# i asked a girl out and she said she had a bf



## cokeman12 (Feb 2, 2013)

she said she had a bf and we should hang out
then she tried to add me on fb
and wanted to hang out and go to movies
and she was doing all kind of stuffs so we can be friends and hang out
but i said no no no and we shouldn't talk again, now i feel bad and i think she is hurting, should i beg her and be friends


----------



## ManOfFewWords (Mar 20, 2012)

Tell her you want to spread nutella on her ***.


----------



## Nono441 (May 14, 2012)

jesus..


----------



## Monotony (Mar 11, 2012)

Um... thats a rather awkward situation for which I have no useful advice


----------



## TheTruthIsOutThere (Apr 10, 2012)

no don't beg her but apologize and don't be a dick just because a girl just wants to be friends


----------



## SeeMeWhenImInvisible (Apr 3, 2011)

i think she really likes you as a person, and there is nothing wrong with being her friend. i think you should give her a chance


----------



## Zeeshan (Sep 4, 2011)

ManOfFewWords said:


> Tell her you want to spread nutella on her ***.


agreed,


----------



## theseventhkey (Jul 22, 2012)

cokeman12 said:


> she said she had a bf and we should hang out
> then she tried to add me on fb
> and wanted to hang out and go to movies
> and she was doing all kind of stuffs so we can be friends and hang out
> but i said no no no and we shouldn't talk again, now i feel bad and i think she is hurting, should i beg her and be friends


When you put your foot down, you keep it there. If you can keep right on the neck.


----------



## monotonous (Feb 1, 2013)

ManOfFewWords said:


> Tell her you want to spread nutella on her ***.

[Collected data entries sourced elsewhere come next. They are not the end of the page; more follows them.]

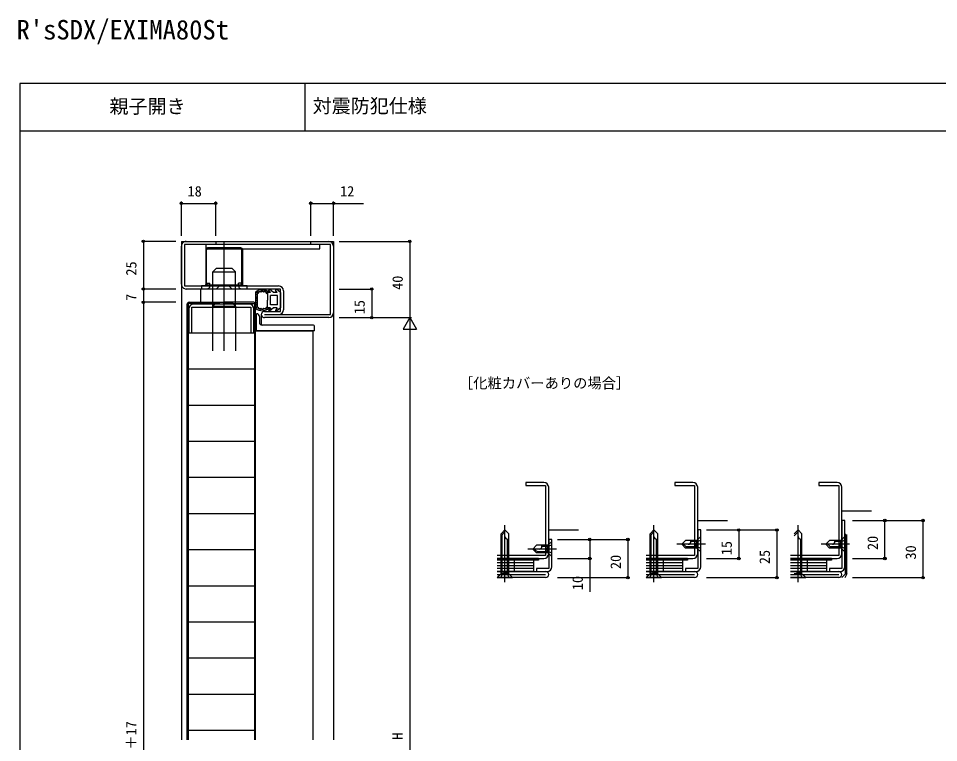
# Model space of a CAD drawing. Units: millimetres, scale not verified. Extents: x -437 to 438, y -344 to 340.
# Drawn here: x -437.3 to 46.4, y -40.3 to 340.5 of the extents above; entities that cross this region are included whole.
import ezdxf
from ezdxf.enums import TextEntityAlignment as Align

# ---------------------------------------------------------------- set-up
doc = ezdxf.new("R2010")
doc.units = ezdxf.units.MM
doc.header["$LTSCALE"] = 2
for name, color, linetype in [('0-1_USER1', 3, 'Continuous'), ('0-2_YKK_11', 7, 'Continuous'), ('0-3_YKK_12', 2, 'Continuous'), ('0-4_YKK_13', 4, 'Continuous'), ('0-6_YKK_D', 6, 'Continuous'), ('0-7_YKK_ZWAK', 7, 'Continuous'), ('0-8_YSS_KE', 3, 'Continuous')]:
    doc.layers.add(name, color=color, linetype=linetype)
doc.styles.add('ＭＳ ゴシック', font='')
doc.styles.get('ＭＳ ゴシック').set_extended_font_data('MS Gothic')

msp = doc.modelspace()

# ---------------------------------------------------------------- linework, layer by layer
at = {"layer": '0-2_YKK_11'}
for p, q in [((-351.6, 200.7), (-351.6, 220.7)), ((-271.6, 220.7), (-271.6, 185.7)), ((-298, 197.3), (-298, 187.3)), ((-316, 190.2), (-345.2, 190.2)), ((-274.1, 183.2), (-308, 183.2)), ((-158.551, 58.992), (-158.551, 93.992)), ((-80.237, 58.992), (-80.237, 93.992)), ((-4.466, 58.992), (-4.466, 93.992)), ((-185.551, 56.492), (-161.051, 56.492)), ((-107.237, 56.492), (-82.737, 56.492)), ((-31.466, 56.492), (-6.966, 56.492)), ((-185.551, 49.692), (-160.151, 49.692)), ((-107.237, 49.692), (-81.837, 49.692)), ((-31.466, 49.692), (-6.066, 49.692)), ((-185.551, 48.092), (-160.151, 48.092)), ((-160.151, 46.492), (-185.551, 46.492)), ((-107.237, 48.092), (-81.837, 48.092)), ((-81.837, 46.492), (-107.237, 46.492)), ((-31.466, 48.092), (-6.066, 48.092)), ((-6.066, 46.492), (-31.466, 46.492))]:
    msp.add_line(p, q, dxfattribs=at)
for points in [[(-349.1, 223.2), (-333.6, 223.2), (-333.6, 221.6), (-350, 221.6), (-350, 199.8), (-300.5, 199.8)], [(-308, 184.8), (-273.2, 184.8), (-273.2, 221.6), (-283.6, 221.6), (-283.6, 223.2), (-274.1, 223.2)], [(-308, 186.4), (-299.6, 186.4), (-299.6, 198.2), (-349.1, 198.2)], [(-347.7, 187.7), (-347.7, 175.2), (-346.1, 175.2), (-346.1, 188.6)], [(-346.1, 188.6), (-315.1, 188.6), (-315.1, 175.2), (-313.5, 175.2), (-313.5, 187.7)], [(-161.051, 96.492), (-170.551, 96.492), (-170.551, 94.892), (-160.151, 94.892), (-160.151, 58.092), (-185.551, 58.092)], [(-82.737, 96.492), (-92.237, 96.492), (-92.237, 94.892), (-81.837, 94.892), (-81.837, 58.092), (-107.237, 58.092)], [(-6.966, 96.492), (-16.466, 96.492), (-16.466, 94.892), (-6.066, 94.892), (-6.066, 58.092), (-31.466, 58.092)], [(-4.466, 76.492), (-4.466, 51.292), (-10.866, 51.292), (-10.866, 49.692), (-5.366, 49.692)], [(-2.866, 52.192), (-2.866, 76.492), (-4.466, 76.492)], [(-78.637, 52.192), (-78.637, 71.492), (-80.237, 71.492), (-80.237, 51.292), (-86.637, 51.292), (-86.637, 49.692), (-81.137, 49.692)], [(-158.551, 66.492), (-158.551, 51.292), (-164.951, 51.292), (-164.951, 49.692), (-159.451, 49.692)], [(-156.951, 52.192), (-156.951, 66.492), (-158.551, 66.492)]]:
    msp.add_lwpolyline(points, dxfattribs=at)
for centre, radius, start, end in [((-349.1, 220.7), 2.5, 89.99998, 180.00002), ((-274.1, 220.7), 2.5, 360, 89.99998), ((-349.1, 200.7), 2.5, 179.99967, 270), ((-300.5, 197.3), 2.5, 360, 89.99998), ((-345.2, 187.7), 2.5, 90.00001, 179.99999), ((-316, 187.7), 2.5, 0.00001, 89.99999), ((-308, 184.8), 1.6, 89.99946, 270), ((-300.5, 187.3), 2.5, 270, 360), ((-274.1, 185.7), 2.5, 270, 360), ((-161.051, 93.992), 2.5, 0, 90), ((-82.737, 93.992), 2.5, 0, 90), ((-6.966, 93.992), 2.5, 0, 90), ((-161.051, 58.992), 2.5, 270, 0), ((-82.737, 58.992), 2.5, 270, 0), ((-6.966, 58.992), 2.5, 270, 0), ((-160.151, 48.092), 1.6, 270, 90), ((-159.451, 52.192), 2.5, 270, 0), ((-81.837, 48.092), 1.6, 270, 90), ((-81.137, 52.192), 2.5, 270, 0), ((-6.066, 48.092), 1.6, 270, 90), ((-5.366, 52.192), 2.5, 270, 0)]:
    msp.add_arc(centre, radius, start, end, dxfattribs=at)
at = {"layer": '0-3_YKK_12'}
for p, q in [((-351.6, 223.2), (-351.6, -38.8)), ((-351.6, 223.2), (-271.6, 223.2)), ((-271.6, 223.2), (-271.6, -38.8)), ((-341.6, 198.2), (-341.6, 191.2)), ((-309.6, 184.8), (-309.6, 179.286)), ((-312.6, 176.2), (-282.6, 176.2)), ((-282.6, 176.2), (-282.6, -38.8))]:
    msp.add_line(p, q, dxfattribs=at)
at = {"layer": '0-4_YKK_13'}
for p, q in [((-329.1, 195.506), (-329.1, 222.655)), ((-338.85, 218.8), (-338.85, 200.3)), ((-338.35, 199.8), (-338.35, 218.8)), ((-320.35, 219.8), (-337.85, 219.8)), ((-337.85, 219.3), (-320.35, 219.3)), ((-319.85, 199.8), (-319.85, 218.8)), ((-319.35, 200.3), (-319.35, 218.8)), ((-333.1, 209.2), (-335.1, 207.2)), ((-329.1, 165.7), (-329.1, 211.2)), ((-335.1, 207.2), (-323.1, 207.2)), ((-335.1, 189.2), (-335.1, 207.2)), ((-323.1, 189.2), (-323.1, 207.2)), ((-319.6, 199.8), (-341.1, 199.8)), ((-319.1, 200.3), (-339.1, 200.3)), ((-339.1, 199.8), (-339.1, 200.3)), ((-338.1, 201.3), (-336.6, 201.3)), ((-338.1, 200.3), (-338.1, 201.3)), ((-336.6, 199.8), (-336.6, 201.3)), ((-333.1, 198.3), (-331.6, 199.8)), ((-325.1, 198.3), (-326.6, 199.8)), ((-320.1, 201.3), (-321.6, 201.3)), ((-321.6, 199.8), (-321.6, 201.3)), ((-320.1, 200.3), (-320.1, 201.3)), ((-319.1, 199.8), (-319.1, 200.3)), ((-320.1, 198.3), (-317.1, 198.3)), ((-312.6, 196.543), (-312.6, 188.057)), ((-312.566, 195.904), (-312.566, 196.104)), ((-312.304, 196.334), (-312.304, 196.534)), ((-312.192, 195.224), (-312.192, 195.424)), ((-312.12, 194.312), (-312.12, 194.512)), ((-312.066, 193.722), (-312.066, 193.922)), ((-311.923, 193.293), (-311.923, 193.493)), ((-311.906, 196.028), (-311.906, 196.228)), ((-311.803, 196.214), (-311.803, 196.414)), ((-311.727, 194.384), (-311.727, 194.584)), ((-311.695, 196.632), (-311.695, 196.832)), ((-311.6, 188.781), (-311.6, 195.819)), ((-311.457, 196.095), (-311.457, 196.295)), ((-311.218, 196.501), (-311.218, 196.701)), ((-310.682, 196.906), (-310.682, 197.106)), ((-310.3, 196.692), (-310.3, 196.892)), ((-309.966, 197.109), (-309.966, 197.309)), ((-309.548, 197.133), (-309.548, 197.333)), ((-309.405, 197.431), (-309.405, 197.631)), ((-308.868, 197.467), (-308.868, 197.667)), ((-308.725, 197.264), (-308.725, 197.464)), ((-308.224, 196.859), (-308.224, 197.059)), ((-308.117, 197.419), (-308.117, 197.619)), ((-307.703, 197.062), (-307.703, 197.262)), ((-307.14, 197.003), (-307.14, 197.203)), ((-306.964, 196.522), (-306.964, 196.722)), ((-306.636, 196.229), (-306.636, 196.429)), ((-306.3, 196.3), (-306.3, 192.3)), ((-304.819, 196.3), (-306.3, 196.3)), ((-306.26, 196.581), (-306.26, 196.781)), ((-304.819, 196.3), (-305.721, 197.648)), ((-303.2, 196.3), (-305.279, 198.044)), ((-304.8, 189.8), (-304.8, 194.8)), ((-301.219, 196.3), (-303.2, 196.3)), ((-301.219, 196.3), (-302.121, 197.648)), ((-299.6, 196.3), (-301.679, 198.044)), ((-299.6, 196.3), (-299.6, 188.3)), ((-348.6, -38.8), (-348.6, 190.2)), ((-347.6, 191.2), (-331.7, 191.2)), ((-333.1, 191.2), (-335.1, 189.2)), ((-335.1, 165.7), (-335.1, 189.2)), ((-335.1, 189.2), (-323.1, 189.2)), ((-333.1, 191.2), (-325.1, 191.2)), ((-313.6, 191.2), (-329.5, 191.2)), ((-325.1, 191.2), (-323.1, 189.2)), ((-323.1, 189.2), (-323.1, 165.7)), ((-312.6, -38.8), (-312.6, 190.2)), ((-312.299, 189.826), (-312.299, 190.026)), ((-312.281, 192.167), (-312.281, 192.367)), ((-312.245, 190.898), (-312.245, 191.098)), ((-312.209, 192.9), (-312.209, 193.1)), ((-312.102, 191.167), (-312.102, 191.367)), ((-312.102, 189.093), (-312.102, 189.293)), ((-312.031, 190.094), (-312.031, 190.294)), ((-312.013, 190.541), (-312.013, 190.741)), ((-311.87, 192.614), (-311.87, 192.814)), ((-311.87, 191.828), (-311.87, 192.028)), ((-311.816, 189.379), (-311.816, 189.579)), ((-306.3, 188.3), (-306.3, 192.3)), ((-301.1, 189.8), (-304.8, 189.8)), ((-312.447, 188.318), (-312.447, 188.518)), ((-312.1, 176.2), (-312.1, 185.2)), ((-311.898, 188.413), (-311.898, 188.613)), ((-311.815, 188.067), (-311.815, 188.267)), ((-311.517, 188.258), (-311.517, 188.458)), ((-311.075, 187.733), (-311.075, 187.933)), ((-310.61, 187.793), (-310.61, 187.993)), ((-310.598, 187.518), (-310.598, 187.718)), ((-310.371, 187.757), (-310.371, 187.957)), ((-310.002, 187.351), (-310.002, 187.551)), ((-309.87, 187.626), (-309.87, 187.826)), ((-309.608, 187.22), (-309.608, 187.42)), ((-309.417, 187.423), (-309.417, 187.623)), ((-308.845, 187.208), (-308.845, 187.408)), ((-308.821, 187.387), (-308.821, 187.587)), ((-308.296, 187.781), (-308.296, 187.981)), ((-308.212, 187.017), (-308.212, 187.217)), ((-308.129, 187.554), (-308.129, 187.754)), ((-307.797, 187.549), (-307.797, 187.749)), ((-307.375, 187.596), (-307.375, 187.796)), ((-306.988, 187.655), (-306.988, 187.855)), ((-306.366, 187.983), (-306.366, 188.183)), ((-304.819, 188.3), (-306.3, 188.3)), ((-304.819, 188.3), (-305.721, 186.952)), ((-303.2, 188.3), (-305.279, 186.556)), ((-301.219, 188.3), (-303.2, 188.3)), ((-301.219, 188.3), (-302.121, 186.952)), ((-299.6, 188.3), (-301.679, 186.556)), ((-310.6, 183.7), (-310.6, 180.636)), ((-348, 175.2), (-313.2, 175.2)), ((-281.6, 176.2), (-312.1, 176.2)), ((-281.6, 176.2), (-281.6, 178.7)), ((-348, 156.2), (-313.5, 156.2)), ((-348, 137.2), (-313.2, 137.2)), ((-348, 118.2), (-313.5, 118.2)), ((-348, 99.2), (-313.5, 99.2)), ((-348, 80.2), (-313.5, 80.2)), ((-181.551, 43.992), (-181.551, 73.992)), ((-103.237, 43.992), (-103.237, 73.992)), ((-27.466, 43.992), (-27.466, 73.992)), ((-183.551, 68.492), (-181.551, 70.492)), ((-182.951, 48.492), (-182.951, 69.092)), ((-105.237, 68.492), (-103.237, 70.492)), ((-104.637, 48.492), (-104.637, 69.092)), ((-29.466, 69.492), (-27.466, 71.492)), ((-29.466, 68.492), (-27.466, 70.492)), ((-2.453, 48.492), (-2.453, 69.492)), ((-1.853, 48.492), (-1.853, 69.092)), ((-180.151, 66.692), (-179.551, 66.692)), ((-180.151, 48.492), (-180.151, 66.692)), ((-162.151, 62.892), (-162.151, 63.492)), ((-158.951, 62.892), (-162.151, 62.892)), ((-101.837, 66.692), (-101.237, 66.692)), ((-101.837, 48.492), (-101.837, 66.692)), ((-76.137, 63.992), (-91.137, 63.992)), ((-85.637, 61.992), (-87.637, 63.992)), ((-83.837, 65.392), (-83.837, 65.992)), ((-80.637, 65.392), (-83.837, 65.392)), ((-26.066, 66.692), (-25.466, 66.692)), ((-26.066, 48.492), (-26.066, 66.692)), ((-0.366, 63.992), (-15.366, 63.992)), ((-9.866, 61.992), (-11.866, 63.992)), ((-8.066, 65.392), (-8.066, 65.992)), ((-4.866, 65.392), (-8.066, 65.392)), ((-348, 61.2), (-313.5, 61.2)), ((-154.451, 61.492), (-169.451, 61.492)), ((-163.951, 59.492), (-165.951, 61.492)), ((-158.951, 60.092), (-164.551, 60.092)), ((-156.951, 57.492), (-158.951, 59.492)), ((-80.637, 62.592), (-86.237, 62.592)), ((-78.637, 59.992), (-80.637, 61.992)), ((-4.866, 62.592), (-10.466, 62.592)), ((-2.866, 59.992), (-4.866, 61.992)), ((-185.551, 56.692), (-163.951, 56.692)), ((-166.551, 55.692), (-185.551, 55.692)), ((-163.951, 55.692), (-185.551, 55.692)), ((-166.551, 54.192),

try this line it will work


----------



## J_Duece (Mar 11, 2009)

She probably just wants your attention, don't subject yourself to that bro.


----------



## d low (Jan 11, 2012)

how old are you cokeman? your english is hard to read, needs working on.


----------



## John The Great (Jul 23, 2012)

Why did you say no? If you liked her enough to ask her out and she had a boyfriend, then being 'friends' (which she initiated) would have opened up a window to tun her heart in your direction.


----------



## A name (Dec 5, 2012)

Not sure why you said no and then said you didn't wanna talk to her... but just say you're sorry I guess.


----------



## elvin jones (Dec 12, 2011)

Rookie mistake. She probably has even hotter friends who are single that she could introduce you to. Networking is the only way to deal with social anxiety. If you turn down opportunities you'll be stuck in isolation forever.


----------



## MRX (Jan 3, 2013)

Maybe you should be her friend and keep looking around for other girls to date. No harm in having a friend I wish I had a friend right now.


----------



## extremly (Oct 25, 2012)

As long as you and her *both* understand is only a friendship, then no harm. I hate when you ask out a girl, she says no and she starts toying with you. If she is really cool and you honestly feel comfortable hanging out with her and not feeling any romantic impulse go ahead and be friends, seems like a healthy relationship to me.

Either way, are you sure she has a bf? When you pick up girls and they are mildly interested but aren't sure, many times they will give you their numbers but still insist that "they have a bf". Is kind of a defense mechanism. You should make sure she really has a bf.


----------



## Invisiblehandicap (Jul 31, 2011)

If you cant be an actual friend, then simply dont. If you pretend to be one, then you will end up as a jerk. 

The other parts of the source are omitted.